Assessment for Learning

The term “formative evaluation” was first used by Michael Scriven (1967) in connection with curriculum and teaching, but it was Bloom, Hastings, and Madaus (1971) who gave the term its generally accepted current meaning. They defined summative evaluation tests as those tests given at the end of episodes of teaching (units, courses, etc.) for the purpose of grading or certifying students, or for evaluating the effectiveness of a curriculum, in contrast with “another type of evaluation which all who are involved - student, teacher, curriculum maker - would welcome because they find it so useful in helping them improve what they wish to do” (p. 117). They labeled this formative evaluation. The language Bloom et al. used obscures the fact that the distinction between formative and summative applies to how the data from assessments are used, rather than to the assessments themselves (Wiliam and Black, 1996). More recently, the term assessment for learning has become increasingly popular (Broadfoot et al., 1999), although this term often describes the purpose of an assessment (which may be just an aspiration) rather than the function it actually fulfills. Black, Harrison, Lee, Marshall and Wiliam (2004) clarified the distinction between “formative assessment” and “assessment for learning” as follows:

Assessment for learning is any assessment for which the first priority in its design and practice is to serve the purpose of promoting students’ learning.[…] An assessment activity can help learning if it provides information to be used as feedback, by teachers, and by their students in assessing themselves and each other, to modify the teaching and learning activities in which they are engaged. Such assessment becomes “formative assessment” when the evidence is actually used to adapt the teaching work to meet learning needs. (p. 8)

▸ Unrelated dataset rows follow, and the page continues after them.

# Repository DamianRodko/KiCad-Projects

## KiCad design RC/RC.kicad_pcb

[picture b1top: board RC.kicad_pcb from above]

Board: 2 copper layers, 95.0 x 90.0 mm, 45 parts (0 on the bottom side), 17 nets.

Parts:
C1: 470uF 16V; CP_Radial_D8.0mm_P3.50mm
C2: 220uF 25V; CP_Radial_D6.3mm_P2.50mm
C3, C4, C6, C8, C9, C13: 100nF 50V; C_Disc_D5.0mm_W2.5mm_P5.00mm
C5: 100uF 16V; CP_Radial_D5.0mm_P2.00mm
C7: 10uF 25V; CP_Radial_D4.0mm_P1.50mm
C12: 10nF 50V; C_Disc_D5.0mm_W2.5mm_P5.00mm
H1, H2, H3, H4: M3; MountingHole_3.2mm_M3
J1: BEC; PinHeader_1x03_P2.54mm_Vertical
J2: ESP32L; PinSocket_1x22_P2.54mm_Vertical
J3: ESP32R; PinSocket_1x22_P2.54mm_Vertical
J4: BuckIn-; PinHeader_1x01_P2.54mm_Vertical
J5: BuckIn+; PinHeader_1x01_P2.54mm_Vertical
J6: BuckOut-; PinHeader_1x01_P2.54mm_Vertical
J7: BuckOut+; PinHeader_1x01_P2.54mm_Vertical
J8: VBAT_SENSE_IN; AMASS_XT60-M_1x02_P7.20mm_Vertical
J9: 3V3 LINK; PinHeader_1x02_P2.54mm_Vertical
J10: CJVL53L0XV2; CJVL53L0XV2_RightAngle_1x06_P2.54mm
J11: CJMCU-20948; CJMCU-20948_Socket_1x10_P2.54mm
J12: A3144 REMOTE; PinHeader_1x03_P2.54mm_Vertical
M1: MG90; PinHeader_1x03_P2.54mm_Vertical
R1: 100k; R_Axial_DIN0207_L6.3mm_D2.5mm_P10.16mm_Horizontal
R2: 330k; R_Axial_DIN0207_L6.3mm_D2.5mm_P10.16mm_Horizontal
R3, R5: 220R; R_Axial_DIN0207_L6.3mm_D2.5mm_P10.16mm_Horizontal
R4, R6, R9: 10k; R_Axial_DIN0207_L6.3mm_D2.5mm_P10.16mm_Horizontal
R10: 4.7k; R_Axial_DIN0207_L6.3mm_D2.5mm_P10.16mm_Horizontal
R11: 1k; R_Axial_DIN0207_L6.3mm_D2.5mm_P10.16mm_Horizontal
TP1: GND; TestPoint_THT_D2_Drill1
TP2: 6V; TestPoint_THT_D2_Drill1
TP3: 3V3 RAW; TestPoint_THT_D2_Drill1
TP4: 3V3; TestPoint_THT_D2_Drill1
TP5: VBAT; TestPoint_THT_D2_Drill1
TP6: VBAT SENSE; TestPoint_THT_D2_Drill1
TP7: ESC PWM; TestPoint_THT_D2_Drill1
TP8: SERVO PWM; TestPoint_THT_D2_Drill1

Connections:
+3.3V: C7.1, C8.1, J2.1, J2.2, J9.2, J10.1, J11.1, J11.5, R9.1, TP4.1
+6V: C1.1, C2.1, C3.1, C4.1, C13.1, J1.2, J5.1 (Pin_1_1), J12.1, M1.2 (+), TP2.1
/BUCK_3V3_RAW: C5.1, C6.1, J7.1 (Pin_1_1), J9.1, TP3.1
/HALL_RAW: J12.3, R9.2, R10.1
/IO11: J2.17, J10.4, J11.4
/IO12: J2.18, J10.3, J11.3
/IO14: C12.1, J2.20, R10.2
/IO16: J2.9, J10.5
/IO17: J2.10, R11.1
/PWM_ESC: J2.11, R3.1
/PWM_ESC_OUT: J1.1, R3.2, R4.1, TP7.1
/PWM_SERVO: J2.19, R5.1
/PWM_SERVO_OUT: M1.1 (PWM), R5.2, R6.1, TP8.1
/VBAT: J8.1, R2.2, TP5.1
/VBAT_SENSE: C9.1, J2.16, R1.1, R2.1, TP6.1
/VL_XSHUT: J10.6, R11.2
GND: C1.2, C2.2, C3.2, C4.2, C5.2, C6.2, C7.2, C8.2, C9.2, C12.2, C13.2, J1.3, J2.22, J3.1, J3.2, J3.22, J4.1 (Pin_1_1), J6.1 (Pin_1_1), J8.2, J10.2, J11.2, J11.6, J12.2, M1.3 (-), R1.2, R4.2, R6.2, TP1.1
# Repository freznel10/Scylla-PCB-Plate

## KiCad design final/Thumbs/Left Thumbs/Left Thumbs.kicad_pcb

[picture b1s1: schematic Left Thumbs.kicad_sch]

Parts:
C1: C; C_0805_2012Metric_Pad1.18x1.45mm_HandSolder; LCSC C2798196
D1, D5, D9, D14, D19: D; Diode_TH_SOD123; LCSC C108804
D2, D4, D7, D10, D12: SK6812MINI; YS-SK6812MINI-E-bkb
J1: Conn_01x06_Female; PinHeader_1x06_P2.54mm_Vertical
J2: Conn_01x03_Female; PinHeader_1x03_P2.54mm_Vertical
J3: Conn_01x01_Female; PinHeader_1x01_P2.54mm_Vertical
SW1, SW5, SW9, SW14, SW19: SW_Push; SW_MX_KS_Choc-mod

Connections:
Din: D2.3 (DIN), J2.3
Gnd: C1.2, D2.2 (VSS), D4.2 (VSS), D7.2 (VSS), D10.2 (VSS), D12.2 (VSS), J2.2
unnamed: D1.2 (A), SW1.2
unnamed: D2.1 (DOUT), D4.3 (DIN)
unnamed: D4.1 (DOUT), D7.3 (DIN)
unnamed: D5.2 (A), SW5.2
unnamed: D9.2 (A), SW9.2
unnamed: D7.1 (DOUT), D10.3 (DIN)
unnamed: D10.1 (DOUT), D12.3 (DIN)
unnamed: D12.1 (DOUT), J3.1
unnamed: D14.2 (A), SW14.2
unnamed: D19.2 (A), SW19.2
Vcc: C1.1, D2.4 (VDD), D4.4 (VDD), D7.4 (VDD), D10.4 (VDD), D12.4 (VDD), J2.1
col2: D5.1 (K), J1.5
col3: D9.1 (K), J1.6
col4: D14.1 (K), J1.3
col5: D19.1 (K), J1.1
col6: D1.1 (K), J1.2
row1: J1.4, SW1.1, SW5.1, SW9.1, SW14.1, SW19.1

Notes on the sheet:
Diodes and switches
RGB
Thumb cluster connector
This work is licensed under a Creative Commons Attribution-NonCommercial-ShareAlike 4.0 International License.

In this proposal, the terms “formative assessment” and “assessment for learning” and “AfL” will be used interchangeably; it should be understood that the usage of each refers to assessment information that is used to adapt instruction to meet student learning needs.

Reviews (Black and Wiliam, 1998; Crooks, 1988; Natriello, 1987) provide clear evidence that improving the quality of formative assessment increases student achievement. Natriello’s review covers the full range of assessment purposes (which he classified as certification, selection, direction and motivation), while Crooks’ review covers only what he termed “classroom evaluation.” The review by Black and Wiliam built on four key reviews of research published since those by Natriello and Crooks: reviews by Bangert-Drowns and the Kuliks into the effects of classroom testing (Bangert-Drowns, Kulik, and Kulik, 1991; Bangert-Drowns, Kulik, Kulik, and Morgan, 1991; Kulik, Kulik, and Bangert-Drowns, 1990) and a review by Black on summative and formative assessment in science education (Black, 1993).

Natriello’s review used a model of the assessment cycle beginning with purposes, then moving on to the setting of tasks, criteria and standards, evaluating performance and providing feedback, and finally the impact of these evaluation processes on students. His most significant point was that most of the research in this area was largely irrelevant because of weak theorization, which resulted in the conflation of key distinctions, e.g., the quality versus the quantity of feedback. Crooks’ paper had a narrower focus: the impact of evaluation practices on students. He concluded that the summative function of assessment has been too dominant and that more emphasis should be given to the potential of classroom assessments to assist learning. Most importantly, assessments must emphasize the skills, knowledge and attitudes regarded as most important, not just those that are easy to assess. Black and Wiliam’s review, like Crooks’, focused specifically on day-to-day classroom assessment practices, and found that improvements in the quality of formative assessment resulted in effect sizes of the order of 0.4 to 0.7 standard deviations (equivalent to doubling the rate of learning). Equally important, given the achievement gaps that currently exist in the United States, many of the studies reviewed by Black and Wiliam benefited lower achieving students more, thus reducing achievement gaps. A more recent review of the literature on the effects of feedback and formative assessment in post-secondary education (Nyquist, 2003) found effects of similar magnitude, and, perhaps more significantly, showed that the larger effect sizes were associated with stronger implementations of the principles of assessment for learning.